The spatial separation of data clusters, derived from herbal and fruit e-nose PCA plots of e-nose sensor-array outputs, provided good evidence to indicate that the MAU-9 e-nose was capable of differentiating (discriminating) between sample types among the two groups of essential oil VOC emissions analyzed, those extracted from herbal leaves and fruits, due to significant differences in their volatile (VOC) content and chemical composition. Furthermore, the high precision of instrument performance, indicated by tight data clusters in PCA plots, suggested that the selected sensors in the sensor array were effective in detecting differences in VOC emissions from essential oils. Two MOS sensors, TGS813 and MQ135, had the highest loading coefficients, and accordingly contributed most to sample discriminations, providing the most important role in the classification of essential oils from the six plants species studied. Understanding the importance of each sensor in the classification of essential oils can help determine which sensors may be removed from the sensor array due to low contribution in sample discriminations. Consequently, e-nose instrument performance can be improved by replacing sensors having the lowest loading coefficients with sensors having higher loading coefficients.

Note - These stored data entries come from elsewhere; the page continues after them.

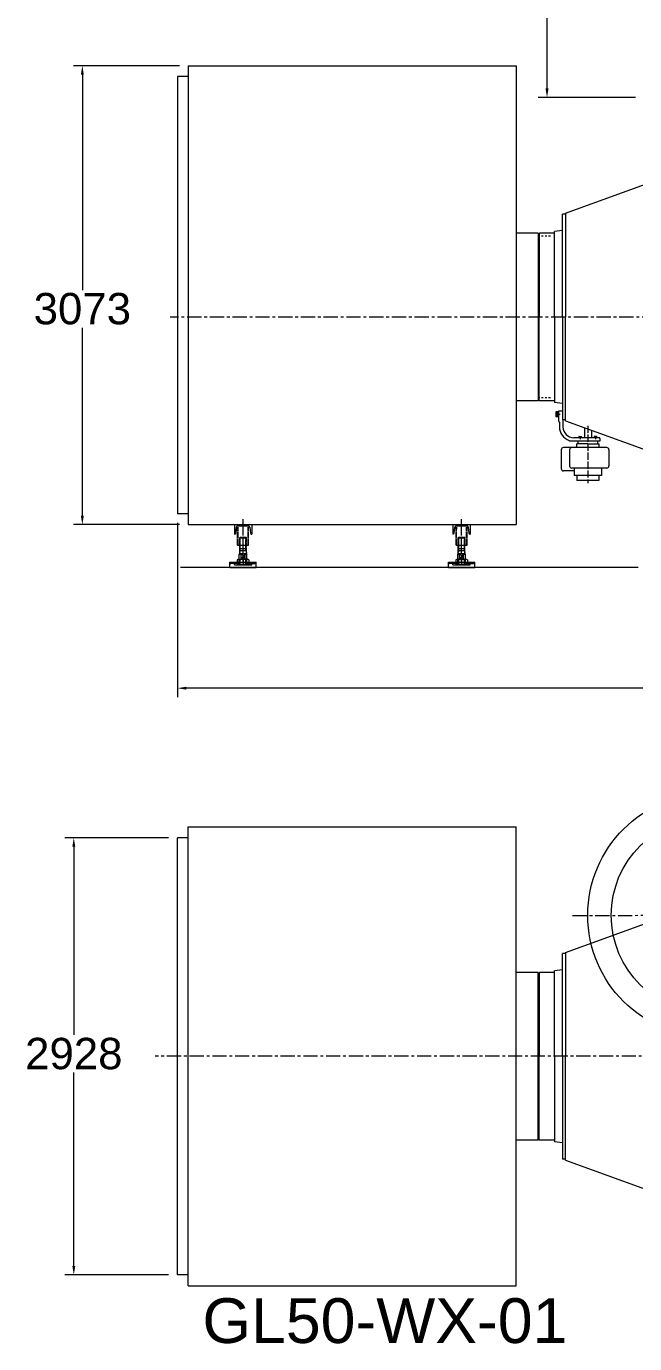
# Model space of a CAD drawing. Header units: millimetres. Extents: x -186 to 966092, y 1050 to 737262.
# Drawn here: x 657324 to 760856, y 198587 to 422723 of the extents above; entities that cross this region are included whole.
import ezdxf

# ---------------------------------------------------------------- set-up
doc = ezdxf.new("R2010")
doc.units = ezdxf.units.MM
doc.header["$LTSCALE"] = 25.4
for name, pattern in [('ACAD_ISO04W100', [30, 24, -3, 0, -3]), ('CENTER', [50.8, 31.75, -6.35, 6.35, -6.35]), ('EB_DASH', [6, 3, -3]), ('EB_DASHDOTDOT', [45, 30, -3, 3, -3, 3, -3])]:
    doc.linetypes.add(name, pattern=pattern)
doc.layers.get('Defpoints').update_dxf_attribs({"lineweight": 5})
doc.layers.add('CAXA1', color=5, linetype='CENTER', lineweight=5)
doc.layers.add('CAXAEB0', color=7, linetype='Continuous', lineweight=5)
doc.styles.add('Roman', font='arial.ttf')
doc.styles.get("Standard").update_dxf_attribs({"font": 'arial.ttf'})
doc.dimstyles.new('ISO-25', dxfattribs={"dimscale": 30, "dimtxt": 38.1, "dimasz": 38.1, "dimexe": 50.8, "dimexo": 50.8, "dimgap": 15.875, "dimtad": 1, "dimtih": 1, "dimtoh": 1, "dimdec": 1, "dimlfac": 0.03937, "dimdsep": 46, "dimtxsty": 'Standard', "dimcen": 63.5, "dimclrd": 7, "dimclre": 7, "dimclrt": 7, "dimadec": 0, "dimazin": 0, "dimtfac": 1, "dimtdec": 1, "dimtmove": 0, "dimatfit": 3, "dimfxl": 25.4, "dimlwd": 5, "dimlwe": 5, "dimarcsym": 0})

# ---------------------------------------------------------------- blocks, each defined once
blk = doc.blocks.new('*D247')
at = {"color": 7, "linetype": 'Continuous', "lineweight": 5, "transparency": 16777216}
for p, q in [((683369, 416027), (665331, 416027)), ((666855, 414503), (666855, 377857)), ((666855, 339461), (666855, 371454)), ((683369, 337937), (665331, 337937))]:
    blk.add_line(p, q, dxfattribs=at)
at = {"color": 7, "transparency": 16777216}
for points in [[(666601, 414503), (667109, 414503), (666855, 416027)], [(666601, 339461), (667109, 339461), (666855, 337937)]]:
    blk.add_solid(points, dxfattribs=at)
at = {"layer": 'Defpoints', "color": 0, "transparency": 16777216}
for p in [(666855, 416027), (684893, 416027), (684893, 337937)]:
    blk.add_point(p, dxfattribs=at)
at = {"color": 7, "lineweight": 5, "transparency": 16777216, "insert": (666855, 374656), "char_height": 5334, "attachment_point": 5, "style": 'Roman'}
blk.add_mtext('3073', dxfattribs=at)
blk = doc.blocks.new('*D253')
at = {"color": 7, "linetype": 'Continuous', "lineweight": 5, "transparency": 16777216}
for p, q in [((683034, 338272), (683034, 308589)), ((896978, 329276), (896978, 308589)), ((895454, 310113), (684558, 310113))]:
    blk.add_line(p, q, dxfattribs=at)
at = {"color": 7, "transparency": 16777216}
for points in [[(684558, 310367), (684558, 309859), (683034, 310113)], [(895454, 310367), (895454, 309859), (896978, 310113)]]:
    blk.add_solid(points, dxfattribs=at)
at = {"layer": 'Defpoints', "color": 0, "transparency": 16777216}
for p in [(683034, 339796), (896978, 330800), (683034, 310113)]:
    blk.add_point(p, dxfattribs=at)
at = {"color": 7, "lineweight": 5, "transparency": 16777216, "insert": (812088, 313257), "char_height": 5334, "attachment_point": 5, "style": 'Roman'}
blk.add_mtext('B', dxfattribs=at)
blk = doc.blocks.new('*D230')
at = {"color": 7, "linetype": 'Continuous', "lineweight": 5, "transparency": 16777216}
for p, q in [((751351, 507317), (744418, 507317)), ((745942, 505793), (745942, 465741)), ((745942, 412159), (745942, 459454)), ((761020, 410635), (744418, 410635))]:
    blk.add_line(p, q, dxfattribs=at)
at = {"color": 7, "transparency": 16777216}
for points in [[(745688, 505793), (746196, 505793), (745942, 507317)], [(745688, 412159), (746196, 412159), (745942, 410635)]]:
    blk.add_solid(points, dxfattribs=at)
at = {"layer": 'Defpoints', "color": 0, "transparency": 16777216}
for p in [(752875, 507317), (745942, 410635), (762544, 410635)]:
    blk.add_point(p, dxfattribs=at)
at = {"color": 7, "lineweight": 5, "transparency": 16777216, "insert": (745942, 462597), "char_height": 5334, "attachment_point": 5, "style": 'Roman'}
blk.add_mtext('F', dxfattribs=at)
blk = doc.blocks.new('*D233')
at = {"color": 7, "linetype": 'Continuous', "lineweight": 5, "transparency": 16777216}
for p, q in [((681510, 284660), (663878, 284660)), ((665402, 283136), (665402, 251114)), ((665402, 211813), (665402, 244715)), ((681510, 210289), (663878, 210289))]:
    blk.add_line(p, q, dxfattribs=at)
at = {"color": 7, "transparency": 16777216}
for points in [[(665148, 283136), (665656, 283136), (665402, 284660)], [(665148, 211813), (665656, 211813), (665402, 210289)]]:
    blk.add_solid(points, dxfattribs=at)
at = {"layer": 'Defpoints', "color": 0, "transparency": 16777216}
for p in [(665402, 284660), (683034, 284660), (683034, 210289)]:
    blk.add_point(p, dxfattribs=at)
at = {"color": 7, "lineweight": 5, "transparency": 16777216, "insert": (665402, 247914), "char_height": 5334, "attachment_point": 5, "style": 'Roman'}
blk.add_mtext('2928', dxfattribs=at)

msp = doc.modelspace()

# ---------------------------------------------------------------- linework, layer by layer
at = {"color": 7, "lineweight": 5}
for p, q in [((684893.26, 416026.54), (684893.26, 337936.78)), ((684893.26, 416026.54), (740697.06, 416026.54)), ((740697.06, 416026.54), (740697.06, 337936.78)), ((683033.98, 414167.26), (683033.98, 339796.06)), ((684893.26, 414167.26), (683033.98, 414167.26)), ((749109.28, 390917.29), (763343.09, 396097.62)), ((748580.41, 389717.68), (748580.41, 390777.52)), ((749109.28, 390777.52), (748580.41, 390777.52)), ((749109.28, 390917.29), (749109.28, 373263.1)), ((748580.41, 387988.15), (747204.54, 387806.99)), ((747204.54, 373263.1), (747204.54, 387797.27)), ((748580.41, 373263.1), (748580.41, 389717.68)), ((744415.62, 387523.78), (740697.06, 387523.78)), ((744415.62, 387523.78), (744415.62, 359002.43)), ((744675.92, 387523.78), (744601.55, 387449.41)), ((744601.55, 387449.41), (744601.55, 373263.1)), ((747204.54, 387523.78), (744675.92, 387523.78)), ((744601.55, 359076.8), (744601.55, 373263.1)), ((745868.13, 373263.1), (745868.13, 373263.22)), ((747204.54, 373263.1), (747204.54, 358719.22)), ((748580.38, 373263.1), (748580.41, 356473.86)), ((749109.28, 355608.91), (749109.28, 373263.1)), ((744415.62, 359002.43), (740697.06, 359002.43)), ((744675.92, 359002.43), (744601.55, 359076.8)), ((747204.54, 359002.43), (744675.92, 359002.43)), ((748580.41, 358538.05), (747204.54, 358719.22)), ((747464.84, 357105.99), (747464.84, 356287.91)), ((747836.7, 357105.99), (747464.84, 357105.99)), ((747836.7, 356896.45), (747464.84, 356896.45)), ((747836.7, 356497.45), (747464.84, 356497.45)), ((747836.7, 357105.99), (747836.7, 356287.91)), ((747836.7, 357054.47), (747911.07, 357054.47)), ((747911.07, 356677.34), (747836.7, 356743.39)), ((747911.07, 356649.13), (747836.7, 356715.18)), ((747911.07, 357254.77), (747911.07, 355469.79)), ((748580.41, 357254.75), (747911.07, 357254.77)), ((748580.41, 356473.86), (748580.41, 355748.69)), ((747836.7, 356287.91), (747464.84, 356287.91)), ((747836.7, 356339.44), (747911.07, 356339.44)), ((747911.07, 355469.79), (747911.07, 355469.79)), ((747911.07, 355469.79), (747948.25, 355469.79)), ((748059.81, 355358.24), (748059.81, 354577.34)), ((749109.28, 355748.69), (748580.41, 355748.69)), ((748654.78, 355748.69), (748654.78, 354577.34)), ((749109.28, 355608.91), (762227.52, 350834.59)), ((752298.97, 354448.04), (752298.97, 352718.06)), ((749770.35, 352158.27), (749770.35, 352123.09)), ((752893.94, 352123.09), (749770.35, 352123.09)), ((751592.44, 352718.06), (750514.06, 352718.06)), ((751220.59, 351676.86), (751220.59, 352123.09)), ((751360.03, 352903.99), (751360.03, 352718.06)), ((751397.22, 352941.17), (751787.67, 352941.17)), ((752893.94, 352718.06), (751592.44, 352718.06)), ((751824.85, 352903.99), (751824.85, 352718.06)), ((754195.43, 352718.06), (752893.94, 352718.06)), ((754939.1, 352123.09), (752893.94, 352123.09)), ((753488.91, 354014.97), (753488.91, 352718.06)), ((753963.02, 352903.99), (753963.02, 352718.06)), ((754390.66, 352941.17), (754000.21, 352941.17)), ((754827.54, 352718.06), (754195.43, 352718.06)), ((754427.84, 352903.99), (754427.84, 352718.06)), ((754567.29, 351676.86), (754567.29, 352123.09)), ((754939.1, 352606.5), (754939.1, 352123.09)), ((748375.89, 350672.85), (748375.89, 347465.4)), ((756091.9, 351044.71), (748747.74, 351044.71)), ((749783.71, 350672.85), (749783.71, 347932.04)), ((750997.47, 351044.71), (750997.47, 351676.86)), ((752893.94, 351676.86), (750997.47, 351676.86)), ((752893.94, 351676.86), (754790.4, 351676.86)), ((754790.4, 351044.71), (754790.4, 351676.86)), ((756463.76, 350672.85), (756463.76, 347932.04)), ((756091.9, 347560.19), (750155.56, 347560.19)), ((750579.95, 347560.19), (750579.95, 346313.97)), ((755207.92, 347560.19), (755207.92, 346313.97)), ((750579.95, 347093.54), (748747.74, 347093.54)), ((755207.92, 346313.97), (750579.95, 346313.97)), ((751024.77, 346313.97), (751024.77, 345466.87)), ((754763.1, 345466.87), (751024.77, 345466.87)), ((754763.1, 346313.97), (754763.1, 345466.87)), ((684893.26, 339796.06), (683033.98, 339796.06)), ((684893.26, 337936.78), (740697.06, 337936.78)), ((692727.64, 337936.78), (695702.48, 337936.78)), ((692727.64, 337936.78), (692727.64, 336337.8)), ((692819.86, 336337.8), (692727.64, 336337.8)), ((692967.86, 336471.74), (693068.99, 337482.97)), ((693364.99, 337750.86), (695065.13, 337750.86)), ((694215.06, 336226.25), (694215.06, 338048.34)), ((695361.14, 337482.97), (695462.26, 336471.74)), ((695610.26, 336337.8), (695702.48, 336337.8)), ((695702.48, 337936.78), (695702.48, 336337.8)), ((729913.24, 337936.78), (732888.08, 337936.78)), ((729913.24, 337936.78), (729913.24, 336337.8)), ((730005.46, 336337.8), (729913.24, 336337.8)), ((730153.46, 336471.74), (730254.59, 337482.97)), ((730550.59, 337750.86), (732250.73, 337750.86)), ((731400.66, 336226.25), (731400.66, 338048.34)), ((732546.74, 337482.97), (732647.86, 336471.74)), ((732795.86, 336337.8), (732888.08, 336337.8)), ((732888.08, 337936.78), (732888.08, 336337.8)), ((693285.42, 334470.91), (695144.7, 334470.91)), ((693657.28, 335717.59), (693731.65, 335791.96)), ((693657.28, 335717.59), (694772.84, 335717.59)), ((693657.28, 333008.57), (693657.28, 335717.59)), ((693727.72, 333527.9), (693731.65, 335791.96)), ((693731.65, 335791.96), (694698.47, 335791.96)), ((694772.84, 335717.59), (694698.47, 335791.96)), ((730471.02, 334470.91), (732330.3, 334470.91)), ((730842.88, 335717.59), (730917.25, 335791.96)), ((730842.88, 335717.59), (731958.44, 335717.59)), ((730842.88, 333008.57), (730842.88, 335717.59)), ((730913.32, 333527.9), (730917.25, 335791.96)), ((730917.25, 335791.96), (731884.07, 335791.96)), ((731958.44, 335717.59), (731884.07, 335791.96)), ((693227.48, 331979.28), (693227.48, 331224.7)), ((693474.38, 332053.79), (694955.75, 332053.79)), ((693638.68, 333008.57), (693564.31, 332934.2)), ((693564.31, 331409.59), (693564.31, 332934.2)), ((693564.31, 332934.2), (693879.87, 332934.2)), ((693638.68, 333901.03), (694791.44, 333901.03)), ((693638.68, 333008.57), (694791.44, 333008.57)), ((693657.28, 333529.17), (694772.84, 333529.17)), ((693727.72, 333527.9), (693657.28, 333188.83)), ((693721.27, 331224.7), (693721.27, 331979.28)), ((694550.25, 333008.57), (693879.87, 332116.12)), ((693879.87, 333008.57), (694550.25, 332116.12)), ((693879.87, 332116.12), (693879.87, 333008.57)), ((693879.87, 332116.12), (694550.25, 332116.12)), ((694215.06, 332128.31), (694215.06, 331038.62)), ((694550.25, 332116.12), (694550.25, 333008.57)), ((694550.25, 332934.2), (694865.81, 332934.2)), ((694702.4, 333527.9), (694772.84, 333188.83)), ((694708.85, 331224.7), (694708.85, 331979.28)), ((694791.44, 333008.57), (694865.81, 332934.2)), ((694865.81, 331409.59), (694865.81, 332934.2)), ((695202.64, 331979.28), (695202.64, 331224.7)), ((730413.08, 331979.28), (730413.08, 331224.7)), ((730659.98, 332053.79), (732141.35, 332053.79)), ((730824.28, 333008.57), (730749.91, 332934.2)), ((730749.91, 331409.59), (730749.91, 332934.2)), ((730749.91, 332934.2), (731065.47, 332934.2)), ((730824.28, 333901.03), (731977.04, 333901.03)), ((730824.28, 333008.57), (731977.04, 333008.57)), ((730842.88, 333529.17), (731958.44, 333529.17)), ((730913.32, 333527.9), (730842.88, 333188.83)), ((730906.87, 331224.7), (730906.87, 331979.28)), ((731735.85, 333008.57), (731065.47, 332116.12)), ((731065.47, 333008.57), (731735.85, 332116.12)), ((731065.47, 332116.12), (731065.47, 333008.57)), ((731065.47, 332116.12), (731735.85, 332116.12)), ((731400.66, 332128.31), (731400.66, 331038.62)), ((731735.85, 332116.12), (731735.85, 333008.57)), ((731735.85, 332934.2), (732051.41, 332934.2)), ((731888, 333527.9), (731958.44, 333188.83)), ((731894.45, 331224.7), (731894.45, 331979.28)), ((731977.04, 333008.57), (732051.41, 332934.2)), ((732051.41, 331409.59), (732051.41, 332934.2)), ((732388.24, 331979.28), (732388.24, 331224.7)), ((761465.52, 330628.7), (683552.59, 330628.7)), ((691983.92, 331558.34), (696446.2, 331558.34)), ((691983.92, 330628.7), (691983.92, 331558.34)), ((691983.92, 330628.7), (691983.92, 331149.29)), ((691983.92, 330628.7), (696446.2, 330628.7)), ((691983.92, 330628.7), (696446.2, 330628.7)), ((692727.64, 331335.22), (692169.85, 331335.22)), ((692727.64, 331112.11), (692727.64, 331558.34)), ((692727.64, 331558.34), (695702.48, 331558.34)), ((692727.64, 331112.11), (695702.48, 331112.11)), ((692802.01, 331335.22), (692802.01, 331558.34)), ((693211.05, 331335.22), (692802.01, 331335.22)), ((693211.05, 331335.22), (693211.05, 331558.34)), ((693359.79, 331112.11), (693359.79, 331409.59)), ((693564.31, 331409.59), (693359.79, 331409.59)), ((693378.38, 331186.48), (693378.38, 331409.59)), ((693378.38, 331186.48), (695051.74, 331186.48)), ((693474.38, 331150.18), (694955.75, 331150.18)), ((693527.13, 331409.59), (693527.13, 331558.34)), ((694865.81, 331409.59), (695070.33, 331409.59)), ((694902.99, 331409.59), (694902.99, 331558.34)), ((695051.74, 331186.48), (695051.74, 331409.59)), ((695070.33, 331112.11), (695070.33, 331409.59)), ((695219.07, 331335.22), (695219.07, 331558.34)), ((695219.07, 331335.22), (695628.11, 331335.22)), ((695628.11, 331335.22), (695628.11, 331558.34)), ((695702.48, 331112.11), (695702.48, 331558.34)), ((695702.48, 331335.22), (696260.27, 331335.22)), ((696446.2, 330628.7), (696446.2, 331558.34)), ((696446.2, 330628.7), (696446.2, 331149.29)), ((729169.52, 331558.34), (733631.8, 331558.34)), ((729169.52, 330628.7), (729169.52, 331558.34)), ((729169.52, 330628.7), (729169.52, 331149.29)), ((729169.52, 330628.7), (733631.8, 330628.7)), ((729169.52, 330628.7), (733631.8, 330628.7)), ((729913.24, 331335.22), (729355.45, 331335.22)), ((729913.24, 331112.11), (729913.24, 331558.34)), ((729913.24, 331558.34), (732888.08, 331558.34)), ((729913.24, 331112.11), (732888.08, 331112.11)), ((729987.61, 331335.22), (729987.61, 331558.34)), ((730396.65, 331335.22), (729987.61, 331335.22)), ((730396.65, 331335.22), (730396.65, 331558.34)), ((730545.39, 331112.11), (730545.39, 331409.59)), ((730749.91, 331409.59), (730545.39, 331409.59)), ((730563.98, 331186.48), (730563.98, 331409.59)), ((730563.98, 331186.48), (732237.34, 331186.48)), ((730659.98, 331150.18), (732141.35, 331150.18)), ((730712.73, 331409.59), (730712.73, 331558.34)), ((732051.41, 331409.59), (732255.93, 331409.59)), ((732088.59, 331409.59), (732088.59, 331558.34)), ((732237.34, 331186.48), (732237.34, 331409.59)), ((732255.93, 331112.11), (732255.93, 331409.59)), ((732404.67, 331335.22), (732404.67, 331558.34)), ((732404.67, 331335.22), (732813.71, 331335.22)), ((732813.71, 331335.22), (732813.71, 331558.34)), ((732888.08, 331112.11), (732888.08, 331558.34)), ((732888.08, 331335.22), (733445.87, 331335.22)), ((733631.8, 330628.7), (733631.8, 331558.34)), ((733631.8, 330628.7), (733631.8, 331149.29)), ((683033.98, 210288.83), (683033.98, 284660.03)), ((684893.26, 284660.03), (683033.98, 284660.03)), ((684893.26, 208429.55), (684893.26, 286519.31)), ((684893.26, 286519.31), (740697.06, 286519.31)), ((740697.06, 208429.55), (740697.06, 286519.31)), ((749109.28, 265128.63), (763343.09, 270308.95)), ((748580.38, 247474.43), (748580.41, 264988.85)), ((749109.28, 264988.85), (748580.41, 264988.85)), ((749109.28, 265128.63), (749109.28, 247474.43)), ((744415.62, 261735.11), (740697.06, 261735.11)), ((744415.62, 233213.76), (744415.62, 261735.11)), ((744675.92, 261735.11), (744601.55, 261660.74)), ((744601.55, 261660.74), (744601.55, 247474.43)), ((747204.54, 261735.11), (744675.92, 261735.11)), ((748580.41, 262199.48), (747204.54, 262018.32)), ((747204.54, 247474.43), (747204.54, 262018.32)), ((744601.55, 233288.13), (744601.55, 247474.43)), ((747204.54, 247474.43), (747204.54, 232940.27)), ((748580.41, 247474.43), (748580.41, 231019.86)), ((749109.28, 229820.24), (749109.28, 247474.43)), ((744415.62, 233213.76), (740697.06, 233213.76)), ((744675.92, 233213.76), (744601.55, 233288.13)), ((747204.54, 233213.76), (744675.92, 233213.76)), ((748580.41, 232749.39), (747204.54, 232930.55)), ((748580.41, 231019.86), (748580.41, 229960.02)), ((749109.28, 229960.02), (748580.41, 229960.02)), ((749109.28, 229820.24), (763343.09, 224639.92)), ((684893.26, 210288.83), (683033.98, 210288.83)), ((684893.26, 208429.55), (740697.06, 208429.55))]:
    msp.add_line(p, q, dxfattribs=at)
at = {"color": 7, "linetype": 'EB_DASH', "lineweight": 5, "ltscale": 4}
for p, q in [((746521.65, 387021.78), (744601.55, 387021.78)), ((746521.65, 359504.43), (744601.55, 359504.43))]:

The results from this study indicate that the MAU-9 electronic nose is a relatively simple, user-friendly tool and a reliable alternative to GC-MS for detecting and identifying aroma scent VOC emissions released from different types of essential oils derived from edible plants. The identification of specific sensors in the sensor array that yields the largest capabilities for discriminating specific types of essential oil volatiles, provides a means for designing a more efficient e-nose system with fewer select sensors that are VOC target-specific and thus most sensitive to specific categories of plant-derived essential oil volatiles in order to achieve more accurate and effective e-nose discriminations.